And then Northern Iowa had to go and make us basically forget all of what we’d just seen by pulling off the most incomprehensible of chokes. The Panthers from Cedar Falls had already had a pretty memorable couple of weeks. That they were in the tourney at all was due to this wild and bouncy buzzer beater in the MVC championship game in St. Louis against the Orange Purple Aces of Evansville (who were wearing orange, for some reason). UNI then pulled off the most miraculous of results against Texas in the first round, as the Panthers’ Paul Jesperson did some Steph things at the buzzer, sinking a 50-footer to give them an improbable 75:72 win. But UNI is known as a “mid-major” program in NCAA-speak: not one of the élite, but certainly not a nobody. The Missouri Valley Conference is a highly competitive and well-respected league, and Northern Iowa has made four trips to the NCAA tourney in the past six years, first coming into the collective sports consciousness six years ago when they went about torching and torturing #1 Kansas in the second round of the tournament. This is a team that knows what they’re doing – or should’ve known what they were doing, I should say. Indeed, as was pointed out in The Washington Post, had Northern Iowa done any of these 14 13 things instead of what they did on Sunday, they likely would’ve won the game. What you have instead is an absolute disaster.

 Oh, I’m sorry, I meant to say that what you have is an act of God.

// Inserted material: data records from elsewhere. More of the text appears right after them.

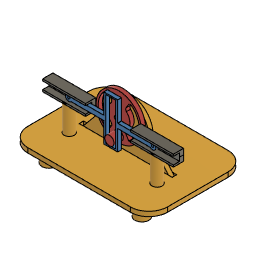
tema numarul 4 primul mecanism facut (Autodesk Fusion 360 design; units mm, degrees)
Autodesk Fusion 360 part; units mm, degrees
sketch "Baza schita" plane through (0, 0, 0) normal (0, 0, 1) x (1, 0, 0) in component "Baza"
  line L0 (149.9987, -105.0118) -> (-150.0016, -105.0118)
  line L1 (149.9984, 104.9886) -> (149.9987, -105.0118)
  line L2 (149.9987, -105.0118) -> (-150.0016, 104.9882) construction
  line L3 (-150.0016, -105.0118) -> (149.9984, 104.9886) construction
  line L4 (49.6882, 4.7) -> (-50.3118, 4.7)
  line L5 (49.6882, -5.0118) -> (-50.3118, -5.0118)
  line L6 (-150.0016, 104.9882) -> (-150.0016, -105.0118)
  line L7 (-150.0016, 104.9882) -> (149.9984, 104.9886)
  line L8 (49.6882, 4.7) -> (49.6882, -5.0118)
  line L9 (-50.3118, 4.7) -> (-50.3118, -5.0118)
  line L10 (-50.3118, -5.0118) -> (-100, -5.0118)
  line L11 (-100, -5.0118) -> (-100, 4.7)
  line L12 (-100, 4.7) -> (-50.3118, 4.7)
  line L13 (49.6882, -5.0118) -> (100, -5.0118)
  line L14 (100, -5.0118) -> (100, 4.7)
  line L15 (100, 4.7) -> (49.6882, 4.7)
  dimension "d1" = 300
  dimension "d2" = 210
  dimension "d11" = 100
  dimension "d12" = 100
  constraint horizontal L0
  constraint horizontal L4
  constraint horizontal L5
  constraint perpendicular L0 L6
  constraint perpendicular L1 L7
  constraint perpendicular L5 L8
  constraint perpendicular L5 L9
  constraint perpendicular L9 L10
  constraint perpendicular L4 L11
  constraint perpendicular L9 L12
  constraint perpendicular L8 L13
  constraint perpendicular L5 L14
  constraint perpendicular L8 L15
  measures "d1" distance of L2.end L1.start
  measures "d2" distance of L0.end L2.end
  measures "d11" distance of L0 L5.end
  measures "d12" distance of L5.start L5.end
extrude "Extrude1" add sketch "Baza schita" along normal blind 10 contours L0 L1 L6 L7 | L4 L5 L8 L9 | L8 L13 L14 L15 | L9 L10 L11 L12 makes body 1 in component "Baza"
sketch "schita suport roata" plane through (0, 0, 0) normal (0, 0, 1) x (1, 0, 0) in component "suport pentru roata"
  line L0 (-100.2047, 5) -> (100.2047, 5)
  line L1 (100.2047, 5) -> (100.2047, -5)
  line L2 (100.2047, -5) -> (-100.2047, -5)
  line L3 (-100.2047, -5) -> (-100.2047, 5)
  constraint horizontal L0
  constraint vertical L1
  constraint horizontal L2
  constraint vertical L3
extrude "Extrude1'" add sketch "Baza schita" along normal blind 110 separate body contours L4 L5 L8 L9 makes body 2 in component "suport pentru roata"
extrude "Extrude2" cut sketch "Baza schita" along normal blind 15 contours L4 L5 L8 L9 bodies 1 in component "Baza"
move_face "OffsetFaces1" offset -0.3 4 faces at (-50.3118, 1.4627, 73.3333) (16.3548, -5.0118, 36.6667) (49.6882, 1.4627, 73.3333) (16.3548, 4.7, 73.3333) on bodies 2 in component "suport pentru roata"
sketch "schita picioruse" plane through (0, 0, 0) normal (0, 0, 1) x (1, 0, 0) in component "picioruse"
  circle A0 centre (-100, -70) radius 15
  circle A1 centre (100, -70) radius 15
  circle A2 centre (-100, 70) radius 15
  circle A3 centre (100, 70) radius 15
  circle A4 centre (-100, 70) radius 15.3
  circle A5 centre (-100, -70) radius 15.3
  circle A6 centre (100, -70) radius 15.3
  circle A7 centre (100, 70) radius 15.3
  circle A8 centre (100, -70) radius 15.3
  line L0 (-150, 105) -> (150, -105) construction
  line L1 (150, 105) -> (-150.0015, -105.0117) construction
  dimension "d22" = 30
  dimension "d26" = 0.3
  dimension "d27" = 0.3
  dimension "d28" = 0.3
  dimension "d29" = 0.3
  dimension "d30" = 0.3
  measures "d22" diameter of A0
extrude "Extrude1''" add sketch "schita picioruse" against normal blind 30 separate body contours A0 | A1 | A2 | A3 makes body 3 at (-85.0745, 68.5065, -20) makes body 4 at (114.9255, 68.5065, -20) makes body 5 at (-85.0745, -71.4935, -20) makes body 6 at (114.9255, -71.4935, -20) in component "picioruse"
extrude "Extrude3" cut sketch "schita picioruse" along normal blind 8 and the other way blind 1 bodies 1 in component "Baza"
extrude "Extrude2'" add sketch "schita picioruse" along normal blind 8 contours A0 | A1 | A2 | A3 bodies 3 4 5 6 in component "picioruse"
sketch "schita pentru mututoi" plane through (0, -4.7118, 0) normal (0, -1, 0) x (1, 0, 0) in component "suport pentru roata"
  line L0 (-50.0118, 0) -> (49.3882, 0)
  line L1 (49.3882, 0) -> (49.3882, 110)
  line L2 (49.3882, 110) -> (-50.0118, 110)
  line L3 (-50.0118, 110) -> (-50.0118, 0)
  line L4 (-50.0118, 110) -> (-50.0118, 10) construction
  line L5 (-50.0118, 10) -> (-50.0118, 90) construction
  circle A0 centre (0, 80) radius 5
  dimension "d37" = 99.4
  dimension "d38" = 100
  dimension "d39" = 80
  dimension "d40" = 10
  constraint coincident L2.end L3.start
  constraint perpendicular L2 L4
  constraint perpendicular L2 L5
  measures "d37" distance of L1.end L2.end
  measures "d38" distance of L2.end L4.end
  measures "d39" distance of L4.end L5.end
  measures "d40" diameter of A0
extrude "Extrude2''" add sketch "schita pentru mututoi" along normal blind 20 separate body contours A0 makes body 7 in component "suport pentru roata"
fillet "Fillet1" radius 40 4 edges at (-150.0016, -105.0118, 5) (149.9987, -105.0118, 5) (149.9984, 104.9886, 5) (-150.0016, 104.9882, 5) on bodies 1 in component "Baza"
fillet "Fillet1'" radius 49.7 2 edges at (49.3882, -0.1559, 110) (-50.0118, -0.1559, 110) on bodies 2 in component "suport pentru roata"
extrude "Extrude4" cut sketch "Baza schita" along normal blind 20 contours L8 L13 L14 L15 | L9 L10 L11 L12 bodies 1 in component "Baza"
sketch "schita2 suport roata" plane through (0, -4.7118, 0) normal (0, -1, 0) x (1, 0, 0) in component "suport pentru roata"
  arc A0 (49.3882, 60.3) -> (-50.0118, 60.3) centre (-0.3118, 60.3) ccw
  line L0 (-50.0118, 60.3) -> (-50.0118, 0)
  line L1 (-50.0118, 0) -> (49.3882, 0)
  line L2 (49.3882, 0) -> (49.3882, 60.3)
  line L3 (49.3882, 60.3) -> (49.3882, 0)
  line L4 (49.3882, 60.3) -> (100, 0)
  line L5 (100, 0) -> (49.3882, 0)
  line L6 (-50.0118, 60.3) -> (-100, 0)
  line L7 (-100, 0) -> (-50.0118, 0)
  line L8 (-50.0118, 60.3) -> (-50.0118, 0)
  constraint coincident A0.start L2.end
  constraint coincident L1.end L2.start
  constraint perpendicular L3 L5
  constraint coincident A0.end L0.start
  constraint coincident L0.end L1.start
  constraint perpendicular L0 L7
extrude "Extrude3'" add sketch "schita2 suport roata" against normal blind 9.112 bodies 7 2 in component "suport pentru roata"
move_face "OffsetFaces2" offset -0.3 2 faces at (-83.3373, 1.3628, 20.1) (83.1294, 1.3628, 20.1) on bodies 7 in component "suport pentru roata"
sketch "schita roata" plane through (0, 0, 0) normal (0, 1, 0) x (1, 0, 0) in component "cerc"
  circle A0 centre (0, -110) radius 5
  circle A1 centre (0, -110) radius 48.5
  dimension "d54" = 10
  dimension "d62" = 97
  constraint concentric A0 A1
  measures "d54" diameter of A0
  measures "d62" diameter of A1
move_face "OffsetFaces3" offset -0.3 1 faces at (4.9938, -18.0452, 79.7508) on bodies 7 in component "suport pentru roata"
extrude "Extrude2'''" add sketch "schita roata" along normal blind -11 and the other way blind 20 separate body makes body 8 in component "cerc"
sketch "schita model roata" plane through (0, 0, 0) normal (0, 1, 0) x (1, 0, 0) in component "cerc"
  circle A0 centre (0, -110) radius 48.5
  spline S0 degree 5 poles (-21.6891, -144.045) (-21.8015, -144.129) (-22.0274, -144.2895) (-22.3696, -144.508) (-22.8328, -144.754) (-23.4241, -144.981) (-24.0286, -145.1207) (-24.6474, -145.1663) (-25.2808, -145.1152) (-25.9282, -144.9722) (-26.5884, -144.7447) (-27.126, -144.5008) (-27.5341, -144.2854) (-27.8083, -144.1275) (-27.946, -144.045) knots 0 0 0 0 0 0 0.1 0.2 0.3 0.4 0.5 0.6 0.7 0.8 0.9 1 1 1 1 1 1
  line L0 (-21.1228, -143.622) -> (-22.2553, -144.468)
  line L1 (-27.3075, -144.4276) -> (-28.5845, -143.6624)
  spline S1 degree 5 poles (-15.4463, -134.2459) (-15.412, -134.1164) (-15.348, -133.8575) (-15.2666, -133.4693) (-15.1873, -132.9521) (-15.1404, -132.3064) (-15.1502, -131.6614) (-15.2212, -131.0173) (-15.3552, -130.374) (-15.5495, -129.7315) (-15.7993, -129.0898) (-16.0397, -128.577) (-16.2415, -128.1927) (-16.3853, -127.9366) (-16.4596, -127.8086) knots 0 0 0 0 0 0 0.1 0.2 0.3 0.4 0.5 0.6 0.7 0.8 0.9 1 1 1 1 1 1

“Glory be to God … they were blessed the other night, and we were blessed tonight.”
– Texas A&M coach Billy Kennedy, when asked right after the game the Aggies’ victory.


Oh, fuck right off.

Let me just get this off my chest here. I don’t give a shit what religion you are. I don’t. Believe whatever you want to believe, and permit me to do the same. But don’t give me this bullshit about how you won because you were ‘blessed.’ I hate it when athletes say that sort of stuff. Fuck that shit. Quite honestly, I wouldn’t know why God would give a damn about a basketball game. The outcome is not divinely determined. It’s determined by human beings making plays – and also making mistakes. Also, to say that UNI were ‘blessed’ the other night also implies that they were just lucky and is disrespectful. Sure, they were fortunate a 50-footer went in the basket, but they were good enough to be in a position to win that game. Saying stuff like this just makes me want to hate you for being completely ignorant. Here’s to hoping you have to go and pray over why it is Oklahoma thumps your ass this coming Thursday in Anaheim.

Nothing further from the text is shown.